___ Material for this exercise ___
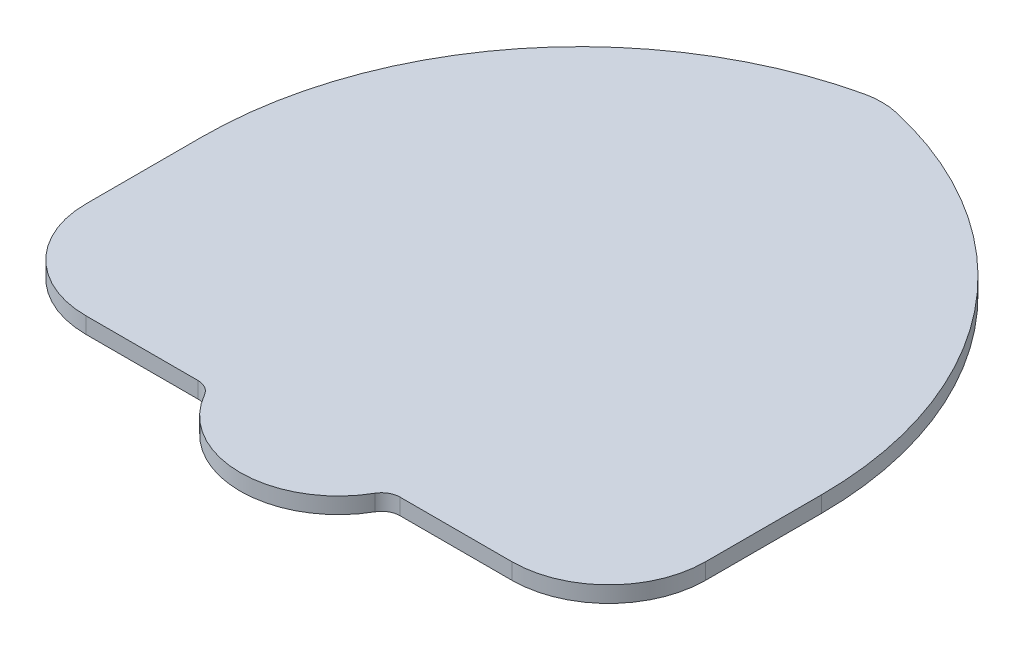
ISO-10303-21;
HEADER;
FILE_DESCRIPTION(('STEP AP214'),'2;1');
FILE_NAME('part.step','',(''),(''),'','','');
FILE_SCHEMA(('AUTOMOTIVE_DESIGN { 1 0 10303 214 1 1 1 1 }'));
ENDSEC;
DATA;
#1=APPLICATION_CONTEXT('core data for automotive mechanical design processes');
#2=APPLICATION_PROTOCOL_DEFINITION('international standard','automotive_design',2000,#1);
#3=PRODUCT_CONTEXT('',#1,'mechanical');
#4=PRODUCT('Part','Part','',(#3));
#5=PRODUCT_RELATED_PRODUCT_CATEGORY('part','',(#4));
#6=PRODUCT_DEFINITION_FORMATION('','',#4);
#7=PRODUCT_DEFINITION_CONTEXT('part definition',#1,'design');
#8=PRODUCT_DEFINITION('design','',#6,#7);
#9=PRODUCT_DEFINITION_SHAPE('','',#8);
#10=(LENGTH_UNIT() NAMED_UNIT(*) SI_UNIT(.MILLI.,.METRE.));
#11=(NAMED_UNIT(*) PLANE_ANGLE_UNIT() SI_UNIT($,.RADIAN.));
#12=(NAMED_UNIT(*) SI_UNIT($,.STERADIAN.) SOLID_ANGLE_UNIT());
#13=UNCERTAINTY_MEASURE_WITH_UNIT(LENGTH_MEASURE(1.E-05),#10,'distance_accuracy_value','');
#14=(GEOMETRIC_REPRESENTATION_CONTEXT(3) GLOBAL_UNCERTAINTY_ASSIGNED_CONTEXT((#13)) GLOBAL_UNIT_ASSIGNED_CONTEXT((#10,
#11,#12)) REPRESENTATION_CONTEXT('',''));
#15=CARTESIAN_POINT('',(0.,0.,0.));
#16=DIRECTION('',(0.,0.,1.));
#17=DIRECTION('',(1.,0.,0.));
#18=AXIS2_PLACEMENT_3D('',#15,#16,#17);
#19=CARTESIAN_POINT('',(0.,5.588,0.));
#20=DIRECTION('',(0.,0.,-1.));
#21=DIRECTION('',(-1.,0.,0.));
#22=AXIS2_PLACEMENT_3D('',#19,#20,#21);
#23=PLANE('',#22);
#24=DIRECTION('',(1.,0.,0.));
#25=VECTOR('',#24,1.);
#26=CARTESIAN_POINT('',(0.,5.588,0.));
#27=LINE('',#26,#25);
#28=CARTESIAN_POINT('',(33.528,5.588,0.));
#29=VERTEX_POINT('',#28);
#30=CARTESIAN_POINT('',(72.2977581754359,5.588,0.));
#31=VERTEX_POINT('',#30);
#32=EDGE_CURVE('E135',#29,#31,#27,.T.);
#33=ORIENTED_EDGE('',*,*,#32,.F.);
#34=DIRECTION('',(0.,-1.,0.));
#35=VECTOR('',#34,1.);
#36=CARTESIAN_POINT('',(33.528,5.588,0.));
#37=LINE('',#36,#35);
#38=CARTESIAN_POINT('',(33.528,0.,0.));
#39=VERTEX_POINT('',#38);
#40=EDGE_CURVE('E43',#29,#39,#37,.T.);
#41=ORIENTED_EDGE('',*,*,#40,.T.);
#42=DIRECTION('',(1.,0.,0.));
#43=VECTOR('',#42,1.);
#44=CARTESIAN_POINT('',(0.,0.,0.));
#45=LINE('',#44,#43);
#46=CARTESIAN_POINT('',(72.2977581754359,0.,0.));
#47=VERTEX_POINT('',#46);
#48=EDGE_CURVE('E160',#39,#47,#45,.T.);
#49=ORIENTED_EDGE('',*,*,#48,.T.);
#50=DIRECTION('',(0.,1.,0.));
#51=VECTOR('',#50,1.);
#52=CARTESIAN_POINT('',(72.2977581754359,5.588,0.));
#53=LINE('',#52,#51);
#54=EDGE_CURVE('E184',#47,#31,#53,.T.);
#55=ORIENTED_EDGE('',*,*,#54,.T.);
#56=EDGE_LOOP('',(#33,#41,#49,#55));
#57=FACE_BOUND('',#56,.T.);
#58=ADVANCED_FACE('F35',(#57),#23,.F.);
#59=CARTESIAN_POINT('',(0.,5.588,0.));
#60=DIRECTION('',(1.,0.,0.));
#61=DIRECTION('',(0.,0.,-1.));
#62=AXIS2_PLACEMENT_3D('',#59,#60,#61);
#63=PLANE('',#62);
#64=DIRECTION('',(0.,0.,1.));
#65=VECTOR('',#64,1.);
#66=CARTESIAN_POINT('',(0.,0.,0.));
#67=LINE('',#66,#65);
#68=CARTESIAN_POINT('',(0.,0.,-73.66));
#69=VERTEX_POINT('',#68);
#70=CARTESIAN_POINT('',(0.,0.,-33.528));
#71=VERTEX_POINT('',#70);
#72=EDGE_CURVE('E156',#69,#71,#67,.T.);
#73=ORIENTED_EDGE('',*,*,#72,.T.);
#74=DIRECTION('',(0.,-1.,0.));
#75=VECTOR('',#74,1.);
#76=CARTESIAN_POINT('',(0.,5.588,-33.528));
#77=LINE('',#76,#75);
#78=CARTESIAN_POINT('',(0.,5.588,-33.528));
#79=VERTEX_POINT('',#78);
#80=EDGE_CURVE('E11',#71,#79,#77,.F.);
#81=ORIENTED_EDGE('',*,*,#80,.T.);
#82=DIRECTION('',(0.,0.,1.));
#83=VECTOR('',#82,1.);
#84=CARTESIAN_POINT('',(0.,5.588,0.));
#85=LINE('',#84,#83);
#86=CARTESIAN_POINT('',(0.,5.588,-73.66));
#87=VERTEX_POINT('',#86);
#88=EDGE_CURVE('E167',#87,#79,#85,.T.);
#89=ORIENTED_EDGE('',*,*,#88,.F.);
#90=DIRECTION('',(0.,-1.,0.));
#91=VECTOR('',#90,1.);
#92=CARTESIAN_POINT('',(0.,5.588,-73.66));
#93=LINE('',#92,#91);
#94=EDGE_CURVE('E146',#87,#69,#93,.T.);
#95=ORIENTED_EDGE('',*,*,#94,.T.);
#96=EDGE_LOOP('',(#73,#81,#89,#95));
#97=FACE_BOUND('',#96,.T.);
#98=ADVANCED_FACE('F247',(#97),#63,.F.);
#99=CARTESIAN_POINT('',(142.332241824564,0.,0.));
#100=VERTEX_POINT('',#99);
#101=CARTESIAN_POINT('',(181.102,0.,0.));
#102=VERTEX_POINT('',#101);
#103=EDGE_CURVE('E158',#100,#102,#45,.T.);
#104=ORIENTED_EDGE('',*,*,#103,.T.);
#105=DIRECTION('',(0.,-1.,0.));
#106=VECTOR('',#105,1.);
#107=CARTESIAN_POINT('',(181.102,5.588,0.));
#108=LINE('',#107,#106);
#109=CARTESIAN_POINT('',(181.102,5.588,0.));
#110=VERTEX_POINT('',#109);
#111=EDGE_CURVE('E202',#102,#110,#108,.F.);
#112=ORIENTED_EDGE('',*,*,#111,.T.);
#113=CARTESIAN_POINT('',(142.332241824564,5.588,0.));
#114=VERTEX_POINT('',#113);
#115=EDGE_CURVE('E230',#114,#110,#27,.T.);
#116=ORIENTED_EDGE('',*,*,#115,.F.);
#117=DIRECTION('',(0.,1.,0.));
#118=VECTOR('',#117,1.);
#119=CARTESIAN_POINT('',(142.332241824564,5.588,0.));
#120=LINE('',#119,#118);
#121=EDGE_CURVE('E182',#114,#100,#120,.F.);
#122=ORIENTED_EDGE('',*,*,#121,.T.);
#123=EDGE_LOOP('',(#104,#112,#116,#122));
#124=FACE_BOUND('',#123,.T.);
#125=ADVANCED_FACE('F254',(#124),#23,.F.);
#126=CARTESIAN_POINT('',(214.63,5.588,0.));
#127=DIRECTION('',(-1.,0.,0.));
#128=DIRECTION('',(0.,0.,1.));
#129=AXIS2_PLACEMENT_3D('',#126,#127,#128);
#130=PLANE('',#129);
#131=DIRECTION('',(0.,0.,-1.));
#132=VECTOR('',#131,1.);
#133=CARTESIAN_POINT('',(214.63,5.588,0.));
#134=LINE('',#133,#132);
#135=CARTESIAN_POINT('',(214.63,5.588,-33.528));
#136=VERTEX_POINT('',#135);
#137=CARTESIAN_POINT('',(214.63,5.588,-73.66));
#138=VERTEX_POINT('',#137);
#139=EDGE_CURVE('E123',#136,#138,#134,.T.);
#140=ORIENTED_EDGE('',*,*,#139,.F.);
#141=DIRECTION('',(0.,-1.,0.));
#142=VECTOR('',#141,1.);
#143=CARTESIAN_POINT('',(214.63,5.588,-33.528));
#144=LINE('',#143,#142);
#145=CARTESIAN_POINT('',(214.63,0.,-33.528));
#146=VERTEX_POINT('',#145);
#147=EDGE_CURVE('E196',#136,#146,#144,.T.);
#148=ORIENTED_EDGE('',*,*,#147,.T.);
#149=DIRECTION('',(0.,0.,-1.));
#150=VECTOR('',#149,1.);
#151=CARTESIAN_POINT('',(214.63,0.,0.));
#152=LINE('',#151,#150);
#153=CARTESIAN_POINT('',(214.63,0.,-73.66));
#154=VERTEX_POINT('',#153);
#155=EDGE_CURVE('E141',#146,#154,#152,.T.);
#156=ORIENTED_EDGE('',*,*,#155,.T.);
#157=DIRECTION('',(0.,-1.,0.));
#158=VECTOR('',#157,1.);
#159=CARTESIAN_POINT('',(214.63,5.588,-73.66));
#160=LINE('',#159,#158);
#161=EDGE_CURVE('E138',#138,#154,#160,.T.);
#162=ORIENTED_EDGE('',*,*,#161,.F.);
#163=EDGE_LOOP('',(#140,#148,#156,#162));
#164=FACE_BOUND('',#163,.T.);
#165=ADVANCED_FACE('F139',(#164),#130,.F.);
#166=CARTESIAN_POINT('',(83.7057,5.588,-73.66));
#167=DIRECTION('',(0.,-1.,0.));
#168=DIRECTION('',(0.,0.,-1.));
#169=AXIS2_PLACEMENT_3D('',#166,#167,#168);
#170=CYLINDRICAL_SURFACE('',#169,130.9243);
#171=CARTESIAN_POINT('',(83.7057,0.,-73.66));
#172=DIRECTION('',(0.,1.,0.));
#173=DIRECTION('',(0.,0.,-1.));
#174=AXIS2_PLACEMENT_3D('',#171,#172,#173);
#175=CIRCLE('',#174,130.9243);
#176=CARTESIAN_POINT('',(112.997825851486,0.,-201.265421881637));
#177=VERTEX_POINT('',#176);
#178=EDGE_CURVE('E163',#154,#177,#175,.T.);
#179=ORIENTED_EDGE('',*,*,#178,.T.);
#180=DIRECTION('',(0.,-1.,0.));
#181=VECTOR('',#180,1.);
#182=CARTESIAN_POINT('',(112.997825851486,5.588,-201.265421881637));
#183=LINE('',#182,#181);
#184=CARTESIAN_POINT('',(112.997825851486,5.588,-201.265421881637));
#185=VERTEX_POINT('',#184);
#186=EDGE_CURVE('E150',#177,#185,#183,.F.);
#187=ORIENTED_EDGE('',*,*,#186,.T.);
#188=CARTESIAN_POINT('',(83.7057,5.588,-73.66));
#189=DIRECTION('',(0.,1.,0.));
#190=DIRECTION('',(0.,0.,-1.));
#191=AXIS2_PLACEMENT_3D('',#188,#189,#190);
#192=CIRCLE('',#191,130.9243);
#193=EDGE_CURVE('E128',#138,#185,#192,.T.);
#194=ORIENTED_EDGE('',*,*,#193,.F.);
#195=ORIENTED_EDGE('',*,*,#161,.T.);
#196=EDGE_LOOP('',(#179,#187,#194,#195));
#197=FACE_BOUND('',#196,.T.);
#198=ADVANCED_FACE('F148',(#197),#170,.T.);
#199=CARTESIAN_POINT('',(130.9243,5.588,-73.66));
#200=DIRECTION('',(0.,-1.,0.));
#201=DIRECTION('',(0.,0.,-1.));
#202=AXIS2_PLACEMENT_3D('',#199,#200,#201);
#203=CYLINDRICAL_SURFACE('',#202,130.9243);
#204=CARTESIAN_POINT('',(130.9243,5.588,-73.66));
#205=DIRECTION('',(0.,1.,0.));
#206=DIRECTION('',(0.,0.,1.));
#207=AXIS2_PLACEMENT_3D('',#204,#205,#206);
#208=CIRCLE('',#207,130.9243);
#209=CARTESIAN_POINT('',(101.632174148514,5.588,-201.265421881637));
#210=VERTEX_POINT('',#209);
#211=EDGE_CURVE('E151',#210,#87,#208,.T.);
#212=ORIENTED_EDGE('',*,*,#211,.F.);
#213=DIRECTION('',(0.,-1.,0.));
#214=VECTOR('',#213,1.);
#215=CARTESIAN_POINT('',(101.632174148514,5.588,-201.265421881637));
#216=LINE('',#215,#214);
#217=CARTESIAN_POINT('',(101.632174148514,0.,-201.265421881637));
#218=VERTEX_POINT('',#217);
#219=EDGE_CURVE('E145',#210,#218,#216,.T.);
#220=ORIENTED_EDGE('',*,*,#219,.T.);
#221=CARTESIAN_POINT('',(130.9243,0.,-73.66));
#222=DIRECTION('',(0.,1.,0.));
#223=DIRECTION('',(0.,0.,1.));
#224=AXIS2_PLACEMENT_3D('',#221,#222,#223);
#225=CIRCLE('',#224,130.9243);
#226=EDGE_CURVE('E165',#218,#69,#225,.T.);
#227=ORIENTED_EDGE('',*,*,#226,.T.);
#228=ORIENTED_EDGE('',*,*,#94,.F.);
#229=EDGE_LOOP('',(#212,#220,#227,#228));
#230=FACE_BOUND('',#229,.T.);
#231=ADVANCED_FACE('F246',(#230),#203,.T.);
#232=CARTESIAN_POINT('',(130.9243,5.588,-73.66));
#233=DIRECTION('',(0.,1.,0.));
#234=DIRECTION('',(0.,0.,1.));
#235=AXIS2_PLACEMENT_3D('',#232,#233,#234);
#236=PLANE('',#235);
#237=ORIENTED_EDGE('',*,*,#115,.T.);
#238=CARTESIAN_POINT('',(181.102,5.588,-33.528));
#239=DIRECTION('',(0.,1.,0.));
#240=DIRECTION('',(0.,0.,1.));
#241=AXIS2_PLACEMENT_3D('',#238,#239,#240);
#242=CIRCLE('',#241,33.528);
#243=EDGE_CURVE('E131',#110,#136,#242,.T.);
#244=ORIENTED_EDGE('',*,*,#243,.T.);
#245=ORIENTED_EDGE('',*,*,#139,.T.);
#246=ORIENTED_EDGE('',*,*,#193,.T.);
#247=CARTESIAN_POINT('',(107.315,5.588,-176.509301621353));
#248=DIRECTION('',(0.,1.,0.));
#249=DIRECTION('',(0.,0.,1.));
#250=AXIS2_PLACEMENT_3D('',#247,#248,#249);
#251=CIRCLE('',#250,25.4);
#252=EDGE_CURVE('E175',#185,#210,#251,.T.);
#253=ORIENTED_EDGE('',*,*,#252,.T.);
#254=ORIENTED_EDGE('',*,*,#211,.T.);
#255=ORIENTED_EDGE('',*,*,#88,.T.);
#256=CARTESIAN_POINT('',(33.528,5.588,-33.528));
#257=DIRECTION('',(0.,1.,0.));
#258=DIRECTION('',(0.,0.,1.));
#259=AXIS2_PLACEMENT_3D('',#256,#257,#258);
#260=CIRCLE('',#259,33.528);
#261=EDGE_CURVE('E50',#79,#29,#260,.T.);
#262=ORIENTED_EDGE('',*,*,#261,.T.);
#263=ORIENTED_EDGE('',*,*,#32,.T.);
#264=CARTESIAN_POINT('',(72.2977581754359,5.588,6.35));
#265=DIRECTION('',(0.,1.,0.));
#266=DIRECTION('',(0.,0.,1.));
#267=AXIS2_PLACEMENT_3D('',#264,#265,#266);
#268=CIRCLE('',#267,6.35);
#269=CARTESIAN_POINT('',(77.8109278599921,5.588,3.19921279212792));
#270=VERTEX_POINT('',#269);
#271=EDGE_CURVE('E191',#31,#270,#268,.F.);
#272=ORIENTED_EDGE('',*,*,#271,.T.);
#273=CARTESIAN_POINT('',(107.315,5.588,-13.662421875));
#274=DIRECTION('',(0.,1.,0.));
#275=DIRECTION('',(0.,0.,1.));
#276=AXIS2_PLACEMENT_3D('',#273,#274,#275);
#277=CIRCLE('',#276,33.982421875);
#278=CARTESIAN_POINT('',(136.819072140008,5.588,3.19921279212793));
#279=VERTEX_POINT('',#278);
#280=EDGE_CURVE('E223',#270,#279,#277,.T.);
#281=ORIENTED_EDGE('',*,*,#280,.T.);
#282=CARTESIAN_POINT('',(142.332241824564,5.588,6.35));
#283=DIRECTION('',(0.,1.,0.));
#284=DIRECTION('',(0.,0.,1.));
#285=AXIS2_PLACEMENT_3D('',#282,#283,#284);
#286=CIRCLE('',#285,6.35);
#287=EDGE_CURVE('E187',#279,#114,#286,.F.);
#288=ORIENTED_EDGE('',*,*,#287,.T.);
#289=EDGE_LOOP('',(#237,#244,#245,#246,#253,#254,#255,#262,#263,#272,#281,#288));
#290=FACE_BOUND('',#289,.T.);
#291=ADVANCED_FACE('F126',(#290),#236,.T.);
#292=CARTESIAN_POINT('',(130.9243,0.,-73.66));
#293=DIRECTION('',(0.,1.,0.));
#294=DIRECTION('',(0.,0.,1.));
#295=AXIS2_PLACEMENT_3D('',#292,#293,#294);
#296=PLANE('',#295);
#297=ORIENTED_EDGE('',*,*,#155,.F.);
#298=CARTESIAN_POINT('',(181.102,0.,-33.528));
#299=DIRECTION('',(0.,1.,0.));
#300=DIRECTION('',(0.,0.,1.));
#301=AXIS2_PLACEMENT_3D('',#298,#299,#300);
#302=CIRCLE('',#301,33.528);
#303=EDGE_CURVE('E200',#146,#102,#302,.F.);
#304=ORIENTED_EDGE('',*,*,#303,.T.);
#305=ORIENTED_EDGE('',*,*,#103,.F.);
#306=CARTESIAN_POINT('',(142.332241824564,0.,6.35));
#307=DIRECTION('',(0.,1.,0.));
#308=DIRECTION('',(0.,0.,1.));
#309=AXIS2_PLACEMENT_3D('',#306,#307,#308);
#310=CIRCLE('',#309,6.35);
#311=CARTESIAN_POINT('',(136.819072140008,0.,3.19921279212793));
#312=VERTEX_POINT('',#311);
#313=EDGE_CURVE('E189',#100,#312,#310,.T.);
#314=ORIENTED_EDGE('',*,*,#313,.T.);
#315=CARTESIAN_POINT('',(107.315,0.,-13.662421875));
#316=DIRECTION('',(0.,1.,0.));
#317=DIRECTION('',(0.,0.,1.));
#318=AXIS2_PLACEMENT_3D('',#315,#316,#317);
#319=CIRCLE('',#318,33.982421875);
#320=CARTESIAN_POINT('',(77.8109278599921,0.,3.19921279212792));
#321=VERTEX_POINT('',#320);
#322=EDGE_CURVE('E159',#312,#321,#319,.F.);
#323=ORIENTED_EDGE('',*,*,#322,.T.);
#324=CARTESIAN_POINT('',(72.2977581754359,0.,6.35));
#325=DIRECTION('',(0.,1.,0.));
#326=DIRECTION('',(0.,0.,1.));
#327=AXIS2_PLACEMENT_3D('',#324,#325,#326);
#328=CIRCLE('',#327,6.35);
#329=EDGE_CURVE('E193',#321,#47,#328,.T.);
#330=ORIENTED_EDGE('',*,*,#329,.T.);
#331=ORIENTED_EDGE('',*,*,#48,.F.);
#332=CARTESIAN_POINT('',(33.528,0.,-33.528));
#333=DIRECTION('',(0.,1.,0.));
#334=DIRECTION('',(0.,0.,1.));
#335=AXIS2_PLACEMENT_3D('',#332,#333,#334);
#336=CIRCLE('',#335,33.528);
#337=EDGE_CURVE('E198',#39,#71,#336,.F.);
#338=ORIENTED_EDGE('',*,*,#337,.T.);
#339=ORIENTED_EDGE('',*,*,#72,.F.);
#340=ORIENTED_EDGE('',*,*,#226,.F.);
#341=CARTESIAN_POINT('',(107.315,0.,-176.509301621353));
#342=DIRECTION('',(0.,1.,0.));
#343=DIRECTION('',(0.,0.,1.));
#344=AXIS2_PLACEMENT_3D('',#341,#342,#343);
#345=CIRCLE('',#344,25.4);
#346=EDGE_CURVE('E172',#218,#177,#345,.F.);
#347=ORIENTED_EDGE('',*,*,#346,.T.);
#348=ORIENTED_EDGE('',*,*,#178,.F.);
#349=EDGE_LOOP('',(#297,#304,#305,#314,#323,#330,#331,#338,#339,#340,#347,#348));
#350=FACE_BOUND('',#349,.T.);
#351=ADVANCED_FACE('F211',(#350),#296,.F.);
#352=CARTESIAN_POINT('',(107.315,5.588,-176.509301621353));
#353=DIRECTION('',(0.,-1.,0.));
#354=DIRECTION('',(0.,0.,-1.));
#355=AXIS2_PLACEMENT_3D('',#352,#353,#354);
#356=CYLINDRICAL_SURFACE('',#355,25.4);
#357=ORIENTED_EDGE('',*,*,#252,.F.);
#358=ORIENTED_EDGE('',*,*,#186,.F.);
#359=ORIENTED_EDGE('',*,*,#346,.F.);
#360=ORIENTED_EDGE('',*,*,#219,.F.);
#361=EDGE_LOOP('',(#357,#358,#359,#360));
#362=FACE_BOUND('',#361,.T.);
#363=ADVANCED_FACE('F241',(#362),#356,.T.);
#364=CARTESIAN_POINT('',(107.315,-65.4635417618082,-13.662421875));
#365=DIRECTION('',(0.,1.,0.));
#366=DIRECTION('',(0.,0.,1.));
#367=AXIS2_PLACEMENT_3D('',#364,#365,#366);
#368=CYLINDRICAL_SURFACE('',#367,33.982421875);
#369=ORIENTED_EDGE('',*,*,#322,.F.);
#370=DIRECTION('',(0.,1.,0.));
#371=VECTOR('',#370,1.);
#372=CARTESIAN_POINT('',(136.819072140008,-65.4635417618082,3.19921279212792));
#373=LINE('',#372,#371);
#374=EDGE_CURVE('E179',#312,#279,#373,.T.);
#375=ORIENTED_EDGE('',*,*,#374,.T.);
#376=ORIENTED_EDGE('',*,*,#280,.F.);
#377=DIRECTION('',(0.,1.,0.));
#378=VECTOR('',#377,1.);
#379=CARTESIAN_POINT('',(77.8109278599921,-65.4635417618082,3.19921279212792));
#380=LINE('',#379,#378);
#381=EDGE_CURVE('E177',#270,#321,#380,.F.);
#382=ORIENTED_EDGE('',*,*,#381,.T.);
#383=EDGE_LOOP('',(#369,#375,#376,#382));
#384=FACE_BOUND('',#383,.T.);
#385=ADVANCED_FACE('F225',(#384),#368,.T.);
#386=CARTESIAN_POINT('',(142.332241824564,-65.4635417618082,6.35));
#387=DIRECTION('',(0.,1.,0.));
#388=DIRECTION('',(0.,0.,1.));
#389=AXIS2_PLACEMENT_3D('',#386,#387,#388);
#390=CYLINDRICAL_SURFACE('',#389,6.35);
#391=ORIENTED_EDGE('',*,*,#313,.F.);
#392=ORIENTED_EDGE('',*,*,#121,.F.);
#393=ORIENTED_EDGE('',*,*,#287,.F.);
#394=ORIENTED_EDGE('',*,*,#374,.F.);
#395=EDGE_LOOP('',(#391,#392,#393,#394));
#396=FACE_BOUND('',#395,.T.);
#397=ADVANCED_FACE('F266',(#396),#390,.F.);
#398=CARTESIAN_POINT('',(72.2977581754359,-65.4635417618082,6.35));
#399=DIRECTION('',(0.,1.,0.));
#400=DIRECTION('',(0.,0.,1.));
#401=AXIS2_PLACEMENT_3D('',#398,#399,#400);
#402=CYLINDRICAL_SURFACE('',#401,6.35);
#403=ORIENTED_EDGE('',*,*,#329,.F.);
#404=ORIENTED_EDGE('',*,*,#381,.F.);
#405=ORIENTED_EDGE('',*,*,#271,.F.);
#406=ORIENTED_EDGE('',*,*,#54,.F.);
#407=EDGE_LOOP('',(#403,#404,#405,#406));
#408=FACE_BOUND('',#407,.T.);
#409=ADVANCED_FACE('F220',(#408),#402,.F.);
#410=CARTESIAN_POINT('',(181.102,5.588,-33.528));
#411=DIRECTION('',(0.,-1.,0.));
#412=DIRECTION('',(0.,0.,-1.));
#413=AXIS2_PLACEMENT_3D('',#410,#411,#412);
#414=CYLINDRICAL_SURFACE('',#413,33.528);
#415=ORIENTED_EDGE('',*,*,#243,.F.);
#416=ORIENTED_EDGE('',*,*,#111,.F.);
#417=ORIENTED_EDGE('',*,*,#303,.F.);
#418=ORIENTED_EDGE('',*,*,#147,.F.);
#419=EDGE_LOOP('',(#415,#416,#417,#418));
#420=FACE_BOUND('',#419,.T.);
#421=ADVANCED_FACE('F236',(#420),#414,.T.);
#422=CARTESIAN_POINT('',(33.528,5.588,-33.528));
#423=DIRECTION('',(0.,-1.,0.));
#424=DIRECTION('',(0.,0.,-1.));
#425=AXIS2_PLACEMENT_3D('',#422,#423,#424);
#426=CYLINDRICAL_SURFACE('',#425,33.528);
#427=ORIENTED_EDGE('',*,*,#261,.F.);
#428=ORIENTED_EDGE('',*,*,#80,.F.);
#429=ORIENTED_EDGE('',*,*,#337,.F.);
#430=ORIENTED_EDGE('',*,*,#40,.F.);
#431=EDGE_LOOP('',(#427,#428,#429,#430));
#432=FACE_BOUND('',#431,.T.);
#433=ADVANCED_FACE('F37',(#432),#426,.T.);
#434=CLOSED_SHELL('',(#58,#98,#125,#165,#198,#231,#291,#351,#363,#385,#397,#409,#421,#433));
#435=MANIFOLD_SOLID_BREP('B2',#434);
#436=ADVANCED_BREP_SHAPE_REPRESENTATION('',(#18,#435),#14);
#437=SHAPE_DEFINITION_REPRESENTATION(#9,#436);
ENDSEC;
END-ISO-10303-21;
___
Problem — What you give back should be exactly the lines of the data above from the line with "#402=CYLINDRICAL_SURFACE('',#401,6.35);" through the line with "#411=DIRECTION('',(0.,-1.,0.));", both of those included, and nothing more.

Answer to the problem —
#402=CYLINDRICAL_SURFACE('',#401,6.35);
#403=ORIENTED_EDGE('',*,*,#329,.F.);
#404=ORIENTED_EDGE('',*,*,#381,.F.);
#405=ORIENTED_EDGE('',*,*,#271,.F.);
#406=ORIENTED_EDGE('',*,*,#54,.F.);
#407=EDGE_LOOP('',(#403,#404,#405,#406));
#408=FACE_BOUND('',#407,.T.);
#409=ADVANCED_FACE('F220',(#408),#402,.F.);
#410=CARTESIAN_POINT('',(181.102,5.588,-33.528));
#411=DIRECTION('',(0.,-1.,0.));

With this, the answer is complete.